The purple robes we asked to lead us out just looked at us blankly. Aliera had buckled Kieron’s greatsword onto her back and was grimly not feeling the weight. Morrolan was equally grim about not feeling anything. Neither Loiosh nor I felt like talking. No one else had any good suggestions, either. I was getting tired.
We stopped and rested, leaning against a wall. Aliera tried to sit down on the floor and discovered that the greatsword on her back made this impossible. She looked disgusted. I think she was close to tears. So was I for that matter.
We talked quietly for a while, mostly complaining. Then Morrolan said, “All right. This isn’t working. We are going to have to find the gods and convince them to let us go.”
“No,” said Aliera. “The gods will prevent you from leaving.”
“The gods do not have to prevent me from leaving; these halls are doing a quite sufficient job of that.”
Aliera didn’t answer.
Morrolan said, “I suspect we could wander these halls forever without finding a way out. We need to ask someone, and I, for one, can think of no better expert than Verra.”
“No,” said Aliera.
“Are you lost, then?” came a new voice. We turned, and there was Baritt once again. He seemed pleased. I scowled but kept my mouth shut.

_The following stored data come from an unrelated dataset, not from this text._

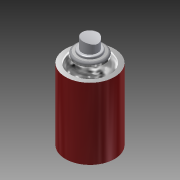
# Autodesk Inventor part: SprayCan77mm
Saved by Autodesk Inventor 2014 SP1 (Build 180222100, 222)
## iProperties
Created: 2017-02-11
Part Number: SprayCan77mm
Material: Generic
Document SubType Name: Modeling
Designer: danielsikar
Density: 1 g/cm^3
Appearance: Default
Author: danielsikar
Autodesk Inventor part; units mm, degrees
ref_plane "XZ Plane" through (0, 0, 0) normal (0, 1, 0) x (-1, 0, 0)
sketch "Sketch1" plane through (0, 0, 0) normal (0, 0, 1) x (1, 0, 0)
  circle A0 centre (0, 0) radius 26.5
  dimension "d0" = 53
  constraints: 1 centre point, 1 coincident
  measures "d0" diameter of A0
extrude "Extrusion1" add sketch "Sketch1" along normal blind 105
sketch "Sketch2" plane through (0, 0, 0) normal (0, 1, 0) x (-1, 0, 0)
  line L0 (6.5, 97) -> (21.5, 97)
  line L1 (21.5, 97) -> (21.5, 105)
  line L2 (14, 112.160816) -> (6.5, 112.160816)
  line L3 (6.5, 105) -> (6.5, 97)
  line L4 (26.5, 0) -> (26.5, 105) construction
  line L5 (0, -19.756358) -> (0, 218.345658) construction
  line L6 (21.5, 105) -> (0, 105)
  line L7 (0, 105) -> (0, 112.160816)
  line L8 (0, 112.160816) -> (14, 112.160816)
  line L9 (14, 122.762224) -> (14, 96.929674) construction
  arc A0 (21.5, 105) -> (14, 112.160816) centre (9.326615, 99.758035) ccw construction
  arc A1 (21.5, 105) -> (14, 112.160816) centre (9.326615, 99.758035) ccw
  line L10 (0, -67.376762) -> (0, 265.966062)
  point P0 (0, 0)
  dimension "d4" = 8
  dimension "d5" = 5
  constraints: 18 end point, 4 parallel, 4 point on circle, 3 point on line, 2 centre point, 2 horizontal, 2 perpendicular, 1 concentric
  measures "d4" distance of L1.end L0.end
  measures "d5" distance between parallel lines of L4 L1
revolve "Revolution1" add sketch "Sketch2" angle 360 about axis through (0, 0, -10) along (0, 0, 1) contours L6 L7 L8 L2 A1
sketch "Sketch3" plane through (0, 0, 112.160816) normal (0, 0, 1) x (1, 0, 0)
  circle A0 centre (0, 0) radius 14 projected
  circle A1 centre (0, 0) radius 16
  dimension "d8" = 32
  constraints: 1 centre point, 1 coincident
  measures "d8" diameter of A1
extrude "Extrusion2" add sketch "Sketch3" along normal blind 4 contours A0 | A1
sketch "Sketch4" plane through (0, 0, 116.160816) normal (0, 0, 1) x (1, 0, 0)
  circle A0 centre (0, 0) radius 16 projected
  circle A1 centre (0, 0) radius 11.25
  dimension "d11" = 22.5
  constraints: 1 centre point, 1 coincident
  measures "d11" diameter of A1
extrude "Extrusion3" add sketch "Sketch4" along normal blind 2.5 contours A1
sketch "Sketch5" plane through (0, 0, 118.660816) normal (0, 0, 1) x (1, 0, 0)
  circle A0 centre (0, 0) radius 11.25 projected
  circle A1 centre (0, 0) radius 8.5
  dimension "d14" = 17
  constraints: 1 centre point, 1 coincident
  measures "d14" diameter of A1
extrude "Extrusion4" add sketch "Sketch5" along normal blind 11 contours A1
ref_plane "Work Plane1" through (8.5, 0, 0) normal (1, 0, 0) x (0, 1, 0)
sketch "Sketch6" plane through (8.5, 0, 0) normal (1, 0, 0) x (0, 1, 0)
  line L0 (8.5, 129.660816) -> (-8.5, 129.660816) construction
  line L1 (11.25, 118.660816) -> (-11.25, 118.660816) construction
  line L2 (-11.850613, 127.160816) -> (16.091514, 127.160816) construction
  line L3 (-8.5, 118.660816) -> (-8.5, 129.660816) construction
  line L4 (8.5, 118.660816) -> (8.5, 129.660816) construction
  arc A0 (-8.5, 129.660816) -> (8.5, 129.660816) centre (0, 142.860816) ccw
  line L5 (-8.5, 129.660816) -> (8.5, 129.660816)
  point P0 (0, 0)
  dimension "d18" = 8.5
  constraints: 4 end point, 2 point on circle, 1 centre point, 1 collinear, 1 parallel, 1 tangent
  measures "d18" distance between parallel lines of L2 L1
ref_plane "Work Plane2" through (-8.5, 0, 0) normal (1, 0, 0) x (0, 1, 0)
sketch "Sketch7" plane through (-8.5, 0, 0) normal (1, 0, 0) x (0, 1, 0)
  line L0 (8.5, 118.660816) -> (8.5, 129.660816) construction
  line L1 (-8.5, 118.660816) -> (-8.5, 129.660816) construction
  line L2 (11.25, 118.660816) -> (-11.25, 118.660816) construction
  line L3 (10.28234, 132.160816) -> (-15.326143, 132.160816) construction
  line L4 (8.5, 128.85356) -> (8.5, 132.770152) construction
  line L5 (-8.5, 128.418383) -> (-8.5, 133.238804) construction
  line L6 (8.5, 132.160816) -> (-8.5, 132.160816)
  line L7 (14.5, 124.804712) -> (14.5, 141.766568) construction
  line L8 (-14.5, 142.728943) -> (-14.5, 126.729462) construction
  line L9 (18.190676, 132.160816) -> (-22.229061, 132.160816) construction
  arc A0 (-14.5, 132.160816) -> (14.5, 132.160816) centre (0, 172.960816) ccw
  line L10 (14.5, 132.160816) -> (-14.5, 132.160816)
  point P0 (0, 0)
  dimension "d22" = 6
  dimension "d23" = 6
  constraints: 16 end point, 11 point on line, 3 parallel, 2 collinear, 2 perpendicular, 2 point on circle, 1 centre point
  measures "d22" distance between parallel lines of L7 L0
  measures "d23" distance between parallel lines of L8 L1
sketch "Sketch6 outline for Loft1" plane through (8.5, 0, 0) normal (1, 0, 0) x (0, 1, 0)
  line L0 (8.5, 129.660816) -> (-8.5, 129.660816)
  arc A0 (-8.5, 129.660816) -> (8.5, 129.660816) centre (0, 142.860816) ccw
sketch "Sketch7 outline for Loft1" plane through (-8.5, 0, 0) normal (1, 0, 0) x (0, 1, 0)
  line L0 (14.5, 132.160816) -> (-14.5, 132.160816)
  arc A0 (-14.5, 132.160816) -> (14.5, 132.160816) centre (0, 172.960816) ccw
loft "Loft1" cut profiles "Sketch6 outline for Loft1", "Sketch7 outline for Loft1"
fillet "Fillet1" radius 2 1 edges at (-16, 0, 116.1608)
fillet "Fillet2" radius 1 1 edges at (-11.25, 0, 118.6608)
sketch "Sketch8" plane through (0, 0, 0) normal (0, 0, -1) x (-1, 0, 0)
  circle A0 centre (0, 0) radius 26.5 projected
extrude "Extrusion5" cut sketch "Sketch8" against normal blind 28
body "Solid1"

“Who are you?” asked Aliera.
Morrolan said, “This is Baritt.”
Baritt said, “And you?”
“I am Aliera.”
His eyes widened. “Indeed? Well, this is, indeed, droll. And you are trying to return to living lands, are you not? Well then, I crave a favor. If you succeed, and I am still alive, don’t visit me. I don’t think I could stand it.”
Aliera said, “My Lord, we are—”
“Yes, I know. I cannot help you. There is no way out except the one you know. Any purple robe can guide you back there. I am sorry.”
And he did actually seem to be sorry, too, but he was looking at Aliera as he said it.
Aliera scowled and her nostrils flared. She said, “Very well, then,” and we left Baritt standing there.
Finding a purple robe in that place was about as difficult as finding a Teckla in the market. And, yes, the purple robe was willing to escort us back to see the gods. She seemed to have no trouble finding the large passage. The thought crossed my mind that we could just turn around and take this passage out the way we’d come. I didn’t suggest it because I had the feeling it wouldn’t work.